To James Madison from William C. C. Claiborne, 25 March 1804 (Abstract)
§ From William C. C. Claiborne
25 March 1804, New Orleans. “In a conversation some days ago, with Major Stephen Minor,” was told “that some men in the Mississippi Territory who had heretofore been most clamorous against the Land Speculation, had now become conspicuous Speculators, and that an officer of the Government, had, (to his own knowledge) been guilty of what he conceived a fraudulent transaction.” Asked Minor to send him the facts. “On this day, I received from Major Minor, a Statement of facts, which although I do not conceive to be so fraudulent as Major Minor had Supposed I have nevertheless thought it my duty to enclose them to you.1
“My own opinion is, that it was not the intention of Congress, to put it in the power of a Citizen claiming two or three hundred acres by virtue of a Spanish Patent, to arrest the Patent, and receive a donation of Six hundred and forty acres in consequence of an early Settlement;2 but this Species of Speculation it seems is practised, and will continue, unless the law should be So amended as to put a Stop thereto.”

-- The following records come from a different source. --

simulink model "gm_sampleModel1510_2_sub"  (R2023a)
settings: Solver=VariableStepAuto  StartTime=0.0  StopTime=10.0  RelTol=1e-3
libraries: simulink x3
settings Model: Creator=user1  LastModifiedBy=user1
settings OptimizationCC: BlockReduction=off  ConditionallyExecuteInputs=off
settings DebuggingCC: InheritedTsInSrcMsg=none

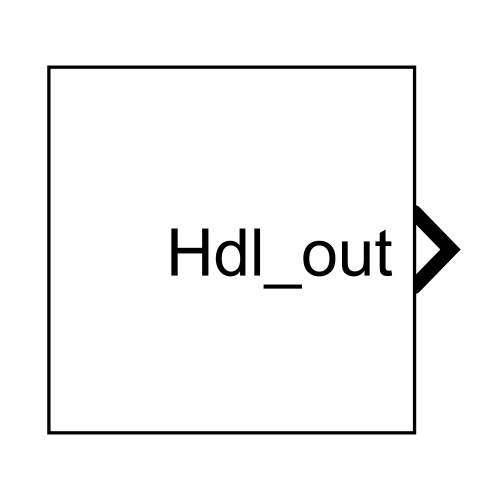
[thumbnail: Simulink's stored preview of the top-level diagram]
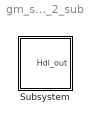
== system gm_sampleModel1510_2_sub ==
  Subsystem : Subsystem

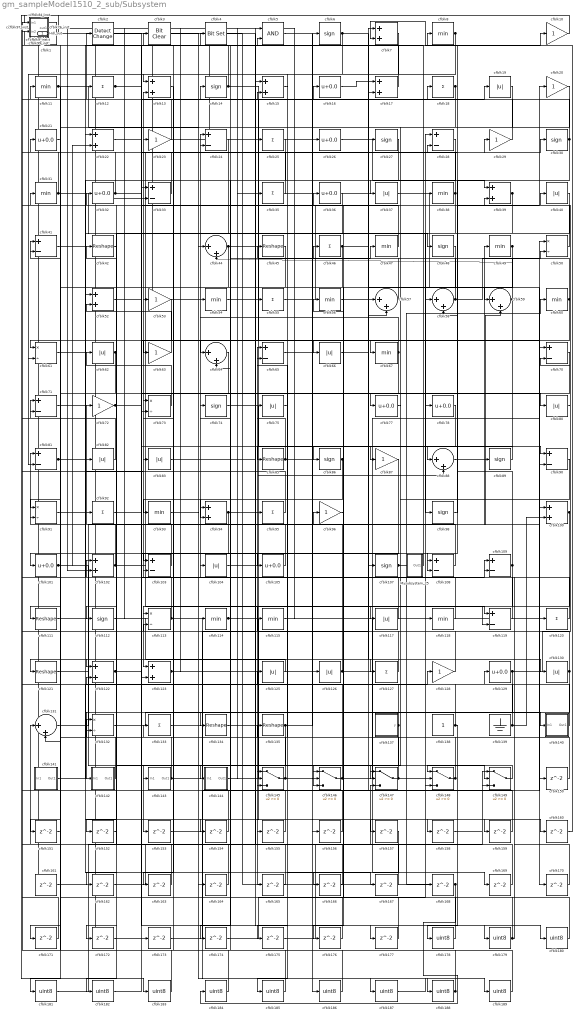
== system gm_sampleModel1510_2_sub/Subsystem ==
  Mysubsystem_25 : Subsystem
  cfblk1 : RelationalOperator  Operator=<=  OutDataTypeStr=boolean  InputSameDT=off
  cfblk{10,20,23,29,53,63,72,87,96,128} (10 alike) : Gain  OutDataTypeStr=uint8
  cfblk{7,13,15,17,22,39,52,94,100,102,122..123} (12 alike) : Sum  OutDataTypeStr=uint8
  cfblk{16,21,26,32,36,77..78,101,105,129} (10 alike) : Bias  Bias=0.0  SaturateOnIntegerOverflow=off
  cfblk{24,28,33,41,65,70..71,81,90,103,108..109,119} (13 alike) : Sum  Inputs=+-  OutDataTypeStr=uint8
  cfblk{19,37,40,62,66,75,80,82..83,104,117,125..126,130} (14 alike) : Abs  OutDataTypeStr=uint8  SaturateOnIntegerOverflow=off
  cfblk106_inst : Subsystem
  cfblk{6,14,27,30,48,74,86,89,98,107,112} (11 alike) : Signum
  cfblk{8,11,31,38,47,49,54,56,60,67,93,114..115,118} (14 alike) : MinMax  OutDataTypeStr=uint8
  cfblk110_inst : Subsystem
  cfblk{42,45,85,111,121,134..135} (7 alike) : Reshape
  cfblk{50,61,73,91,113,132} (6 alike) : Product  Inputs=*/  OutDataTypeStr=uint8  RndMeth=Zero  SaturateOnIntegerOverflow=on
  cfblk116_inst : Subsystem
  cfblk{12,18,25,35,46,55,92,95,120,127,133} (11 alike) : Sum  Inputs=+  OutDataTypeStr=uint8
  cfblk124_inst : Subsystem
  cfblk{44,57..59,64,88,131} (7 alike) : Sum  Inputs=|++  OutDataTypeStr=uint8
  cfblk137 : Subsystem  mask(Counter Free-Running){NumBits=double(16), tsamp=double(-1)}
      mask prompts: NumBits "Simulink:masks:NumberOfBits_MP"; tsamp "Simulink:masks:SampleTime_MP"
      mask help: Simulink:masks:CounterFreeRunning_MD
  cfblk138 : Constant  OutDataTypeStr=uint8  SampleTime=-1
  cfblk139 : Ground
  cfblk140 : Subsystem
  cfblk141 : Subsystem
  cfblk142 : Subsystem
  cfblk143 : Subsystem
  cfblk144 : Subsystem
  cfblk{145..149} (5 alike) : Switch  OutDataTypeStr=uint8  SaturateOnIntegerOverflow=off  InputSameDT=off
  cfblk{150..177} (28 alike) : Delay  SampleTime=1
  cfblk{178..189} (12 alike) : DataTypeConversion  OutDataTypeStr=uint8  SaturateOnIntegerOverflow=off  RndMeth=Floor
  cfblk2 : simulink/Logic and Bit Operations/Detect Change  vinit=0  OutDataTypeStr=uint8
      settings: LibrarySourceBlock=|
      | hdlsllib/Logic and Bit
      | Operations/Detect
      | Change
  cfblk3 : simulink/Logic and Bit Operations/Bit Clear  iBit=0
      settings: LibrarySourceBlock=|
      | hdlsllib/Logic and Bit
      | Operations/Bit Clear
  cfblk34_inst : Subsystem
  cfblk4 : simulink/Logic and Bit Operations/Bit Set  iBit=0
      settings: LibrarySourceBlock=|
      | hdlsllib/Logic and Bit
      | Operations/Bit Set
  cfblk43_inst : Subsystem
  cfblk5 : Logic  AllPortsSameDT=off  OutDataTypeStr=boolean
  cfblk51_inst : Subsystem
  cfblk68_inst : Subsystem
  cfblk69_inst : Subsystem
  cfblk76_inst : Subsystem
  cfblk84_inst : Subsystem
  cfblk97_inst : Subsystem
  cfblk99_inst : Subsystem
  cfblk9_inst : Subsystem
  Hdl_out : Outport  OutDataTypeStr=uint8  SampleTime=1
  wires:
  Mysubsystem_25/1(Out1) -> cfblk51_inst/2(in2)
  cfblk1/1 -> cfblk183/1
  cfblk10/1 -> cfblk69_inst/1(in1)
  cfblk100/1 -> cfblk24/1, cfblk123/1
  cfblk101/1 -> cfblk22/2, cfblk149/2
  cfblk102/1 -> cfblk119/1, cfblk72/1, cfblk29/1
  cfblk103/1 -> cfblk81/1
  cfblk104/1 -> cfblk30/1
  cfblk105/1 -> cfblk92/1
  cfblk106_inst/1(out1) -> cfblk118/1
  cfblk107/1 -> cfblk168/1, cfblk60/1
  cfblk108/1 -> cfblk42/1
  cfblk109/1 -> cfblk14/1, cfblk165/1
  cfblk11/1 -> cfblk44/1, cfblk111/1
  cfblk110_inst/1(out1) -> cfblk126/1
  cfblk111/1 -> cfblk50/1
  cfblk112/1 -> cfblk156/1
  cfblk113/1 -> cfblk68_inst/1(in1), cfblk52/2, cfblk167/1
  cfblk114/1 -> cfblk158/1, cfblk18/1
  cfblk115/1 -> cfblk160/1
  cfblk116_inst/1(out1) -> cfblk26/1, cfblk173/1, cfblk114/1
  cfblk117/1 -> cfblk41/1
  cfblk118/1 -> cfblk52/1
  cfblk119/1 -> cfblk13/2
  cfblk12/1 -> cfblk77/1, cfblk108/2
  cfblk120/1 -> cfblk104/1
  cfblk121/1 -> cfblk59/2
  cfblk122/1 -> cfblk24/2, cfblk109/1
  cfblk123/1 -> cfblk88/2, cfblk47/1
  cfblk124_inst/1(out1) -> cfblk33/2
  cfblk125/1 -> cfblk121/1
  cfblk126/1 -> cfblk53/1, cfblk169/1, cfblk11/1
  cfblk127/1 -> cfblk65/1
  cfblk128/1 -> cfblk115/1
  cfblk129/1 -> cfblk70/2, cfblk142/1(In1)
  cfblk13/1 -> cfblk103/1
  cfblk130/1 -> cfblk145/3, cfblk106_inst/2(in2)
  cfblk131/1 -> cfblk49/1
  cfblk132/1 -> cfblk140/1(In1)
  cfblk133/1 -> cfblk188/1
  cfblk134/1 -> cfblk57/1
  cfblk135/1 -> cfblk6/1, cfblk153/1, cfblk152/1
  cfblk137/1(y) -> cfblk146/3, cfblk73/1
  cfblk138/1 -> cfblk178/1, cfblk23/1
  cfblk139/1 -> cfblk125/1, cfblk100/2
  cfblk14/1 -> cfblk110_inst/1(in1), cfblk170/1
  cfblk140/1(Out1) -> cfblk71/1
  cfblk141/1(Out1) -> cfblk128/1
  cfblk142/1(Out1) -> cfblk106_inst/1(in1)
  cfblk143/1(Out1) -> cfblk146/1, cfblk116_inst/2(in2), cfblk35/1
  cfblk144/1(Out1) -> cfblk17/2
  cfblk145/1 -> cfblk103/2, cfblk159/1
  cfblk146/1 -> cfblk70/1, cfblk62/1, cfblk124_inst/2(in2)
  cfblk147/1 -> cfblk96/1, cfblk144/1(In1)
  cfblk148/1 -> cfblk82/1, cfblk135/1
  cfblk149/1 -> cfblk148/1
  cfblk15/1 -> cfblk145/1
  cfblk150/1 -> cfblk65/2
  cfblk151/1 -> cfblk91/2
  cfblk152/1 -> cfblk102/1
  cfblk153/1 -> cfblk90/2
  cfblk154/1 -> cfblk41/2
  cfblk155/1 -> cfblk97_inst/2(in2)
  cfblk156/1 -> cfblk132/1
  cfblk157/1 -> cfblk185/1
  cfblk158/1 -> cfblk149/3
  cfblk159/1 -> cfblk71/2
  cfblk16/1 -> cfblk17/1
  cfblk160/1 -> cfblk7/2
  cfblk161/1 -> cfblk28/1
  cfblk162/1 -> cfblk149/1
  cfblk163/1 -> cfblk69_inst/2(in2)
  cfblk164/1 -> cfblk99_inst/2(in2)
  cfblk165/1 -> cfblk122/2
  cfblk166/1 -> cfblk131/1
  cfblk167/1 -> cfblk147/3
  cfblk168/1 -> cfblk184/1, Hdl_out/1
  cfblk169/1 -> cfblk110_inst/2(in2)
  cfblk17/1 -> cfblk43_inst/1(in1)
  cfblk170/1 -> cfblk109/2
  cfblk171/1 -> cfblk34_inst/2(in2)
  cfblk172/1 -> cfblk39/2
  cfblk173/1 -> cfblk57/2
  cfblk174/1 -> cfblk148/3
  cfblk175/1 -> cfblk58/1
  cfblk176/1 -> cfblk64/2
  cfblk177/1 -> cfblk31/1
  cfblk178/1 -> cfblk4/1
  cfblk179/1 -> cfblk129/1, cfblk113/2
  cfblk18/1 -> cfblk15/2, cfblk67/1
  cfblk180/1 -> cfblk36/1
  cfblk181/1 -> cfblk5/1
  cfblk182/1 -> cfblk5/2
  cfblk183/1 -> cfblk21/1
  cfblk184/1 -> cfblk1/1
  cfblk185/1 -> cfblk1/2
  cfblk186/1 -> cfblk3/1
  cfblk187/1 -> cfblk189/1
  cfblk188/1 -> cfblk97_inst/1(in1), cfblk9_inst/2(in2), cfblk74/1
  cfblk189/1 -> cfblk133/1
  cfblk19/1 -> cfblk147/2
  cfblk2/1 -> cfblk90/1
  cfblk20/1 -> cfblk151/1
  cfblk21/1 -> cfblk91/1
  cfblk22/1 -> cfblk19/1
  cfblk23/1 -> cfblk9_inst/1(in1)
  cfblk24/1 -> cfblk63/1
  cfblk25/1 -> cfblk134/1
  cfblk26/1 -> cfblk39/1
  cfblk27/1 -> cfblk132/2
  cfblk28/1 -> cfblk37/1
  cfblk29/1 -> cfblk2/1
  cfblk3/1 -> cfblk187/1
  cfblk30/1 -> cfblk88/1, cfblk84_inst/1(in1)
  cfblk31/1 -> cfblk78/1, cfblk76_inst/2(in2)
  cfblk32/1 -> cfblk66/1, cfblk124_inst/1(in1)
  cfblk33/1 -> cfblk76_inst/1(in1)
  cfblk34_inst/1(out1) -> cfblk12/1
  cfblk35/1 -> cfblk116_inst/1(in1)
  cfblk36/1 -> cfblk162/1
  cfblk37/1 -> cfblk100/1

RC, two copies, and enclosure (DLC). First RC 2 pp.; in a clerk’s hand, signed by Claiborne; marked “(Duplicate)” and “(Private and Confidential)”; docketed by JM: “Mar. 24 & 25. 1804.” Second RC marked private and confidential. For enclosure (filed at 20 Feb. 1804), see n. 1.
1. The enclosure is Minor’s 20 Feb. 1804 statement (2 pp.) describing Cato West’s negotiations with Manuel Texada, from whom he had bought “many years ago” 240 acres of land. Minor asserted that West had recently persuaded Texada to sign a quitclaim deed giving West the entire 640 acres to which Texada was entitled under the act described in n. 2, below.
2. Following passage of the “Act regulating the grants of land, and providing for the disposal of the lands of the United States, south of the state of Tennessee,” some holders of smaller Spanish and British land grants in the regulated territories hid those grants and obtained instead, as settlers resident in the Mississippi Territory on 27 Oct. 1795, grants of up to 640 acres ( , 2:229–35; Carter, Territorial Papers, Mississippi, 5:327).